Start of Block

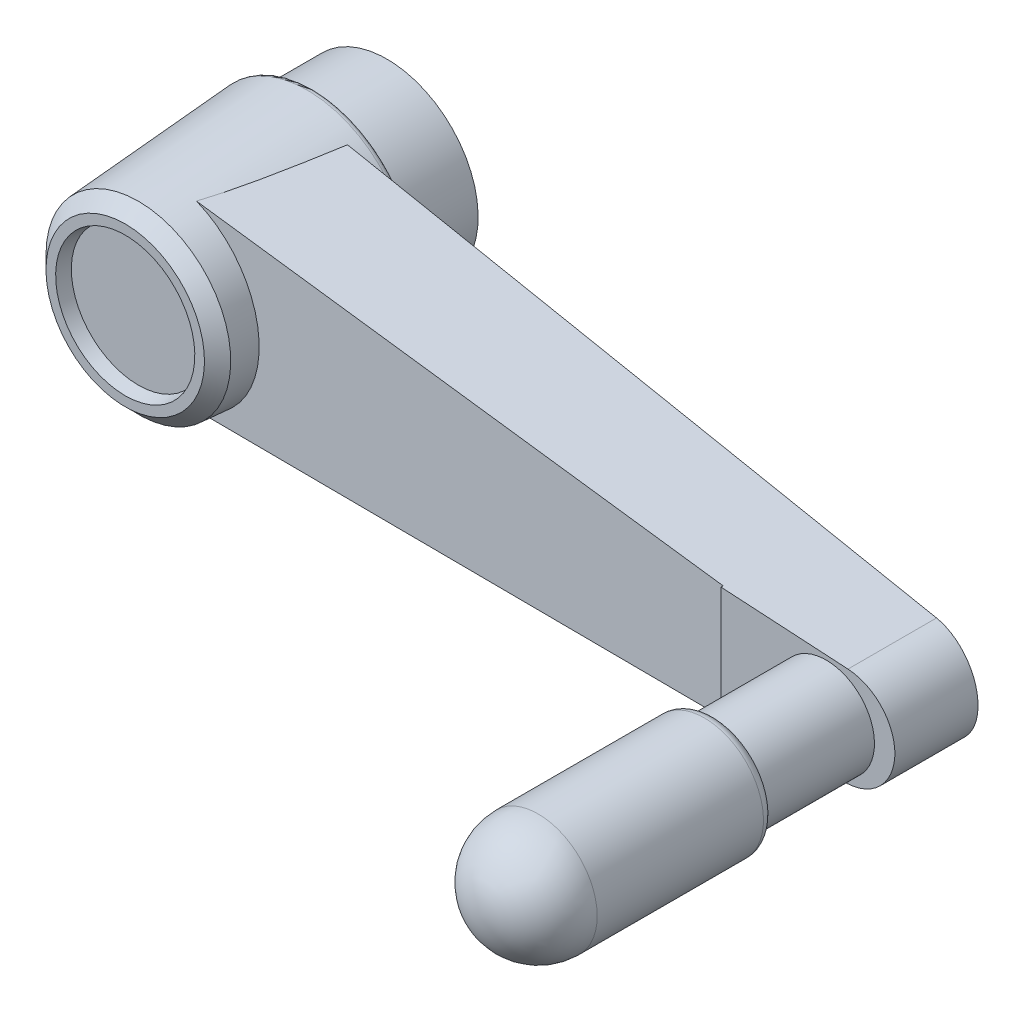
ISO-10303-21;
HEADER;
FILE_DESCRIPTION(('STEP AP214'),'2;1');
FILE_NAME('part.step','',(''),(''),'','','');
FILE_SCHEMA(('AUTOMOTIVE_DESIGN { 1 0 10303 214 1 1 1 1 }'));
ENDSEC;
DATA;
#1=APPLICATION_CONTEXT('core data for automotive mechanical design processes');
#2=APPLICATION_PROTOCOL_DEFINITION('international standard','automotive_design',2000,#1);
#3=PRODUCT_CONTEXT('',#1,'mechanical');
#4=PRODUCT('Part','Part','',(#3));
#5=PRODUCT_RELATED_PRODUCT_CATEGORY('part','',(#4));
#6=PRODUCT_DEFINITION_FORMATION('','',#4);
#7=PRODUCT_DEFINITION_CONTEXT('part definition',#1,'design');
#8=PRODUCT_DEFINITION('design','',#6,#7);
#9=PRODUCT_DEFINITION_SHAPE('','',#8);
#10=(LENGTH_UNIT() NAMED_UNIT(*) SI_UNIT(.MILLI.,.METRE.));
#11=(NAMED_UNIT(*) PLANE_ANGLE_UNIT() SI_UNIT($,.RADIAN.));
#12=(NAMED_UNIT(*) SI_UNIT($,.STERADIAN.) SOLID_ANGLE_UNIT());
#13=UNCERTAINTY_MEASURE_WITH_UNIT(LENGTH_MEASURE(1.E-05),#10,'distance_accuracy_value','');
#14=(GEOMETRIC_REPRESENTATION_CONTEXT(3) GLOBAL_UNCERTAINTY_ASSIGNED_CONTEXT((#13)) GLOBAL_UNIT_ASSIGNED_CONTEXT((#10,
#11,#12)) REPRESENTATION_CONTEXT('',''));
#15=CARTESIAN_POINT('',(0.,0.,0.));
#16=DIRECTION('',(0.,0.,1.));
#17=DIRECTION('',(1.,0.,0.));
#18=AXIS2_PLACEMENT_3D('',#15,#16,#17);
#19=CARTESIAN_POINT('',(0.,0.,30.0000000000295));
#20=DIRECTION('',(0.,0.,-1.));
#21=DIRECTION('',(0.,1.,0.));
#22=AXIS2_PLACEMENT_3D('',#19,#20,#21);
#23=CONICAL_SURFACE('',#22,6.99999999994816,1.04719755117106);
#24=CARTESIAN_POINT('',(1.70530256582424E-10,0.,34.0414518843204));
#25=VERTEX_POINT('',#24);
#26=VERTEX_LOOP('',#25);
#27=FACE_BOUND('',#26,.T.);
#28=CARTESIAN_POINT('',(0.,0.,30.));
#29=DIRECTION('',(0.,0.,-1.));
#30=DIRECTION('',(1.,0.,0.));
#31=AXIS2_PLACEMENT_3D('',#28,#29,#30);
#32=CIRCLE('',#31,7.);
#33=CARTESIAN_POINT('',(7.,0.,30.));
#34=VERTEX_POINT('',#33);
#35=EDGE_CURVE('E296',#34,#34,#32,.T.);
#36=ORIENTED_EDGE('',*,*,#35,.T.);
#37=EDGE_LOOP('',(#36));
#38=FACE_BOUND('',#37,.T.);
#39=ADVANCED_FACE('F15',(#27,#38),#23,.F.);
#40=CARTESIAN_POINT('',(0.,0.,15.4875));
#41=DIRECTION('',(0.,0.,-1.));
#42=DIRECTION('',(1.,0.,0.));
#43=AXIS2_PLACEMENT_3D('',#40,#41,#42);
#44=CYLINDRICAL_SURFACE('',#43,7.);
#45=CARTESIAN_POINT('',(0.,0.,0.975));
#46=DIRECTION('',(0.,0.,-1.));
#47=DIRECTION('',(1.,0.,0.));
#48=AXIS2_PLACEMENT_3D('',#45,#46,#47);
#49=CIRCLE('',#48,7.);
#50=CARTESIAN_POINT('',(7.,0.,0.975));
#51=VERTEX_POINT('',#50);
#52=EDGE_CURVE('E287',#51,#51,#49,.T.);
#53=ORIENTED_EDGE('',*,*,#52,.T.);
#54=EDGE_LOOP('',(#53));
#55=FACE_BOUND('',#54,.T.);
#56=ORIENTED_EDGE('',*,*,#35,.F.);
#57=EDGE_LOOP('',(#56));
#58=FACE_BOUND('',#57,.T.);
#59=ADVANCED_FACE('F397',(#55,#58),#44,.F.);
#60=CARTESIAN_POINT('',(0.,0.,0.));
#61=DIRECTION('',(0.,0.,-1.));
#62=DIRECTION('',(1.,0.,0.));
#63=AXIS2_PLACEMENT_3D('',#60,#61,#62);
#64=CONICAL_SURFACE('',#63,7.975,0.785398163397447);
#65=CARTESIAN_POINT('',(0.,0.,0.));
#66=DIRECTION('',(0.,0.,-1.));
#67=DIRECTION('',(1.,0.,0.));
#68=AXIS2_PLACEMENT_3D('',#65,#66,#67);
#69=CIRCLE('',#68,7.975);
#70=CARTESIAN_POINT('',(7.975,0.,0.));
#71=VERTEX_POINT('',#70);
#72=EDGE_CURVE('E284',#71,#71,#69,.F.);
#73=ORIENTED_EDGE('',*,*,#72,.F.);
#74=EDGE_LOOP('',(#73));
#75=FACE_BOUND('',#74,.T.);
#76=ORIENTED_EDGE('',*,*,#52,.F.);
#77=EDGE_LOOP('',(#76));
#78=FACE_BOUND('',#77,.T.);
#79=ADVANCED_FACE('F402',(#75,#78),#64,.F.);
#80=CARTESIAN_POINT('',(-6.5,0.,0.));
#81=DIRECTION('',(0.,0.,-1.));
#82=DIRECTION('',(0.,1.,0.));
#83=AXIS2_PLACEMENT_3D('',#80,#81,#82);
#84=PLANE('',#83);
#85=CARTESIAN_POINT('',(0.,0.,0.));
#86=DIRECTION('',(0.,0.,1.));
#87=DIRECTION('',(0.,-1.,0.));
#88=AXIS2_PLACEMENT_3D('',#85,#86,#87);
#89=CIRCLE('',#88,13.);
#90=CARTESIAN_POINT('',(0.,-13.,0.));
#91=VERTEX_POINT('',#90);
#92=EDGE_CURVE('E281',#91,#91,#89,.T.);
#93=ORIENTED_EDGE('',*,*,#92,.F.);
#94=EDGE_LOOP('',(#93));
#95=FACE_BOUND('',#94,.T.);
#96=ORIENTED_EDGE('',*,*,#72,.T.);
#97=EDGE_LOOP('',(#96));
#98=FACE_BOUND('',#97,.T.);
#99=ADVANCED_FACE('F518',(#95,#98),#84,.T.);
#100=CARTESIAN_POINT('',(0.,0.,0.1));
#101=DIRECTION('',(0.,0.,1.));
#102=DIRECTION('',(0.,-1.,0.));
#103=AXIS2_PLACEMENT_3D('',#100,#101,#102);
#104=CYLINDRICAL_SURFACE('',#103,13.);
#105=ORIENTED_EDGE('',*,*,#92,.T.);
#106=EDGE_LOOP('',(#105));
#107=FACE_BOUND('',#106,.T.);
#108=CARTESIAN_POINT('',(0.,0.,0.200000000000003));
#109=DIRECTION('',(0.,0.,1.));
#110=DIRECTION('',(0.,-1.,0.));
#111=AXIS2_PLACEMENT_3D('',#108,#109,#110);
#112=CIRCLE('',#111,13.);
#113=CARTESIAN_POINT('',(0.,-13.,0.200000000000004));
#114=VERTEX_POINT('',#113);
#115=EDGE_CURVE('E278',#114,#114,#112,.T.);
#116=ORIENTED_EDGE('',*,*,#115,.F.);
#117=EDGE_LOOP('',(#116));
#118=FACE_BOUND('',#117,.T.);
#119=ADVANCED_FACE('F514',(#107,#118),#104,.T.);
#120=CARTESIAN_POINT('',(-15.,0.,0.2));
#121=DIRECTION('',(0.,0.,-1.));
#122=DIRECTION('',(1.,0.,0.));
#123=AXIS2_PLACEMENT_3D('',#120,#121,#122);
#124=PLANE('',#123);
#125=CARTESIAN_POINT('',(0.,0.,0.2));
#126=DIRECTION('',(0.,0.,1.));
#127=DIRECTION('',(0.,-1.,0.));
#128=AXIS2_PLACEMENT_3D('',#125,#126,#127);
#129=CIRCLE('',#128,17.);
#130=CARTESIAN_POINT('',(0.,-17.,0.200000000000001));
#131=VERTEX_POINT('',#130);
#132=EDGE_CURVE('E271',#131,#131,#129,.T.);
#133=ORIENTED_EDGE('',*,*,#132,.F.);
#134=EDGE_LOOP('',(#133));
#135=FACE_BOUND('',#134,.T.);
#136=ORIENTED_EDGE('',*,*,#115,.T.);
#137=EDGE_LOOP('',(#136));
#138=FACE_BOUND('',#137,.T.);
#139=ADVANCED_FACE('F509',(#135,#138),#124,.T.);
#140=CARTESIAN_POINT('',(-6.25,0.,46.55));
#141=DIRECTION('',(0.,0.,1.));
#142=DIRECTION('',(0.,-1.,0.));
#143=AXIS2_PLACEMENT_3D('',#140,#141,#142);
#144=PLANE('',#143);
#145=CARTESIAN_POINT('',(0.,0.,46.55));
#146=DIRECTION('',(0.,0.,1.));
#147=DIRECTION('',(0.,-1.,0.));
#148=AXIS2_PLACEMENT_3D('',#145,#146,#147);
#149=CIRCLE('',#148,12.5);
#150=CARTESIAN_POINT('',(0.,-12.5,46.55));
#151=VERTEX_POINT('',#150);
#152=EDGE_CURVE('E263',#151,#151,#149,.T.);
#153=ORIENTED_EDGE('',*,*,#152,.T.);
#154=EDGE_LOOP('',(#153));
#155=FACE_BOUND('',#154,.T.);
#156=ADVANCED_FACE('F242',(#155),#144,.T.);
#157=CARTESIAN_POINT('',(0.,0.,7.1));
#158=DIRECTION('',(0.,0.,1.));
#159=DIRECTION('',(0.,-1.,0.));
#160=AXIS2_PLACEMENT_3D('',#157,#158,#159);
#161=CYLINDRICAL_SURFACE('',#160,17.);
#162=ORIENTED_EDGE('',*,*,#132,.T.);
#163=EDGE_LOOP('',(#162));
#164=FACE_BOUND('',#163,.T.);
#165=CARTESIAN_POINT('',(0.,0.,14.));
#166=DIRECTION('',(0.,0.,1.));
#167=DIRECTION('',(0.,-1.,0.));
#168=AXIS2_PLACEMENT_3D('',#165,#166,#167);
#169=CIRCLE('',#168,17.);
#170=CARTESIAN_POINT('',(0.,-17.,14.));
#171=VERTEX_POINT('',#170);
#172=EDGE_CURVE('E266',#171,#171,#169,.T.);
#173=ORIENTED_EDGE('',*,*,#172,.F.);
#174=EDGE_LOOP('',(#173));
#175=FACE_BOUND('',#174,.T.);
#176=ADVANCED_FACE('F501',(#164,#175),#161,.T.);
#177=CARTESIAN_POINT('',(0.,0.,49.));
#178=DIRECTION('',(0.,0.,1.));
#179=DIRECTION('',(0.,-1.,0.));
#180=AXIS2_PLACEMENT_3D('',#177,#178,#179);
#181=CONICAL_SURFACE('',#180,12.9762317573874,0.191986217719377);
#182=CARTESIAN_POINT('',(0.,0.,49.));
#183=DIRECTION('',(0.,0.,1.));
#184=DIRECTION('',(0.,-1.,0.));
#185=AXIS2_PLACEMENT_3D('',#182,#183,#184);
#186=CIRCLE('',#185,12.9762317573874);
#187=CARTESIAN_POINT('',(0.,-12.9762317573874,49.));
#188=VERTEX_POINT('',#187);
#189=EDGE_CURVE('E217',#188,#188,#186,.F.);
#190=ORIENTED_EDGE('',*,*,#189,.F.);
#191=EDGE_LOOP('',(#190));
#192=FACE_BOUND('',#191,.T.);
#193=ORIENTED_EDGE('',*,*,#152,.F.);
#194=EDGE_LOOP('',(#193));
#195=FACE_BOUND('',#194,.T.);
#196=ADVANCED_FACE('F240',(#192,#195),#181,.F.);
#197=CARTESIAN_POINT('',(-17.7138156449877,0.,14.));
#198=DIRECTION('',(0.,0.,-1.));
#199=DIRECTION('',(0.,1.,0.));
#200=AXIS2_PLACEMENT_3D('',#197,#198,#199);
#201=PLANE('',#200);
#202=CARTESIAN_POINT('',(0.,0.,14.));
#203=DIRECTION('',(0.,0.,1.));
#204=DIRECTION('',(0.,-1.,0.));
#205=AXIS2_PLACEMENT_3D('',#202,#203,#204);
#206=CIRCLE('',#205,18.4276312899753);
#207=CARTESIAN_POINT('',(0.,-18.4276312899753,14.));
#208=VERTEX_POINT('',#207);
#209=CARTESIAN_POINT('',(0.,18.4276312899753,14.));
#210=VERTEX_POINT('',#209);
#211=EDGE_CURVE('E147',#208,#210,#206,.T.);
#212=ORIENTED_EDGE('',*,*,#211,.F.);
#213=CARTESIAN_POINT('',(0.,0.,14.));
#214=DIRECTION('',(0.,0.,1.));
#215=DIRECTION('',(-1.,0.,0.));
#216=AXIS2_PLACEMENT_3D('',#213,#214,#215);
#217=CIRCLE('',#216,18.4276312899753);
#218=CARTESIAN_POINT('',(-18.4276312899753,0.,14.));
#219=VERTEX_POINT('',#218);
#220=EDGE_CURVE('E259',#219,#208,#217,.T.);
#221=ORIENTED_EDGE('',*,*,#220,.F.);
#222=CARTESIAN_POINT('',(0.,0.,14.));
#223=DIRECTION('',(0.,0.,1.));
#224=DIRECTION('',(0.,1.,0.));
#225=AXIS2_PLACEMENT_3D('',#222,#223,#224);
#226=CIRCLE('',#225,18.4276312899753);
#227=EDGE_CURVE('E223',#210,#219,#226,.T.);
#228=ORIENTED_EDGE('',*,*,#227,.F.);
#229=EDGE_LOOP('',(#212,#221,#228));
#230=FACE_BOUND('',#229,.T.);
#231=ORIENTED_EDGE('',*,*,#172,.T.);
#232=EDGE_LOOP('',(#231));
#233=FACE_BOUND('',#232,.T.);
#234=ADVANCED_FACE('F229',(#230,#233),#201,.T.);
#235=CARTESIAN_POINT('',(-13.8750570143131,0.,49.));
#236=DIRECTION('',(0.,0.,1.));
#237=DIRECTION('',(0.,-1.,0.));
#238=AXIS2_PLACEMENT_3D('',#235,#236,#237);
#239=PLANE('',#238);
#240=ORIENTED_EDGE('',*,*,#189,.T.);
#241=EDGE_LOOP('',(#240));
#242=FACE_BOUND('',#241,.T.);
#243=CARTESIAN_POINT('',(0.,0.,49.));
#244=DIRECTION('',(0.,0.,-1.));
#245=DIRECTION('',(0.,1.,0.));
#246=AXIS2_PLACEMENT_3D('',#243,#244,#245);
#247=CIRCLE('',#246,14.7738822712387);
#248=CARTESIAN_POINT('',(0.,14.7738822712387,49.));
#249=VERTEX_POINT('',#248);
#250=EDGE_CURVE('E197',#249,#249,#247,.T.);
#251=ORIENTED_EDGE('',*,*,#250,.F.);
#252=EDGE_LOOP('',(#251));
#253=FACE_BOUND('',#252,.T.);
#254=ADVANCED_FACE('F239',(#242,#253),#239,.T.);
#255=CARTESIAN_POINT('',(0.,0.,46.55));
#256=DIRECTION('',(0.,0.,-1.));
#257=DIRECTION('',(0.,1.,0.));
#258=AXIS2_PLACEMENT_3D('',#255,#256,#257);
#259=CONICAL_SURFACE('',#258,17.2238822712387,0.785398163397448);
#260=CARTESIAN_POINT('',(0.,0.,46.55));
#261=DIRECTION('',(0.,0.,-1.));
#262=DIRECTION('',(-1.,0.,0.));
#263=AXIS2_PLACEMENT_3D('',#260,#261,#262);
#264=CIRCLE('',#263,17.2238822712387);
#265=CARTESIAN_POINT('',(-17.2238822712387,0.,46.55));
#266=VERTEX_POINT('',#265);
#267=EDGE_CURVE('E177',#266,#266,#264,.T.);
#268=ORIENTED_EDGE('',*,*,#267,.F.);
#269=EDGE_LOOP('',(#268));
#270=FACE_BOUND('',#269,.T.);
#271=ORIENTED_EDGE('',*,*,#250,.T.);
#272=EDGE_LOOP('',(#271));
#273=FACE_BOUND('',#272,.T.);
#274=ADVANCED_FACE('F166',(#270,#273),#259,.T.);
#275=CARTESIAN_POINT('',(0.,0.,15.));
#276=DIRECTION('',(0.,0.,-1.));
#277=DIRECTION('',(0.,1.,0.));
#278=AXIS2_PLACEMENT_3D('',#275,#276,#277);
#279=TOROIDAL_SURFACE('',#278,18.4276312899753,1.);
#280=ORIENTED_EDGE('',*,*,#220,.T.);
#281=ORIENTED_EDGE('',*,*,#211,.T.);
#282=ORIENTED_EDGE('',*,*,#227,.T.);
#283=EDGE_LOOP('',(#280,#281,#282));
#284=FACE_BOUND('',#283,.T.);
#285=CARTESIAN_POINT('',(0.,0.,15.0697564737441));
#286=DIRECTION('',(0.,0.,-1.));
#287=DIRECTION('',(-1.,0.,0.));
#288=AXIS2_PLACEMENT_3D('',#285,#286,#287);
#289=CIRCLE('',#288,19.4251953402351);
#290=CARTESIAN_POINT('',(-19.4251953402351,0.,15.0697564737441));
#291=VERTEX_POINT('',#290);
#292=EDGE_CURVE('E175',#291,#291,#289,.F.);
#293=ORIENTED_EDGE('',*,*,#292,.F.);
#294=EDGE_LOOP('',(#293));
#295=FACE_BOUND('',#294,.T.);
#296=ADVANCED_FACE('F154',(#284,#295),#279,.T.);
#297=CARTESIAN_POINT('',(-19.4,-35.,39.2));
#298=DIRECTION('',(0.0647288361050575,0.,-0.997902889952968));
#299=DIRECTION('',(0.997902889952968,0.,0.0647288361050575));
#300=AXIS2_PLACEMENT_3D('',#297,#298,#299);
#301=PLANE('',#300);
#302=CARTESIAN_POINT('',(-0.0800577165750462,0.,40.4531854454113));
#303=DIRECTION('',(0.0647288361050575,0.,-0.997902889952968));
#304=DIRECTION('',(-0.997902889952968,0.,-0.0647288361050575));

End of Block

### WHAT IS NEEDED:
Only the lines above from the line with "#165=CARTESIAN_POINT('',(0.,0.,14.));" to the line with "#184=DIRECTION('',(0.,-1.,0.));", those two lines included, should be reproduced exactly.

### OUTPUT OF THE TASK:
#165=CARTESIAN_POINT('',(0.,0.,14.));
#166=DIRECTION('',(0.,0.,1.));
#167=DIRECTION('',(0.,-1.,0.));
#168=AXIS2_PLACEMENT_3D('',#165,#166,#167);
#169=CIRCLE('',#168,17.);
#170=CARTESIAN_POINT('',(0.,-17.,14.));
#171=VERTEX_POINT('',#170);
#172=EDGE_CURVE('E266',#171,#171,#169,.T.);
#173=ORIENTED_EDGE('',*,*,#172,.F.);
#174=EDGE_LOOP('',(#173));
#175=FACE_BOUND('',#174,.T.);
#176=ADVANCED_FACE('F501',(#164,#175),#161,.T.);
#177=CARTESIAN_POINT('',(0.,0.,49.));
#178=DIRECTION('',(0.,0.,1.));
#179=DIRECTION('',(0.,-1.,0.));
#180=AXIS2_PLACEMENT_3D('',#177,#178,#179);
#181=CONICAL_SURFACE('',#180,12.9762317573874,0.191986217719377);
#182=CARTESIAN_POINT('',(0.,0.,49.));
#183=DIRECTION('',(0.,0.,1.));
#184=DIRECTION('',(0.,-1.,0.));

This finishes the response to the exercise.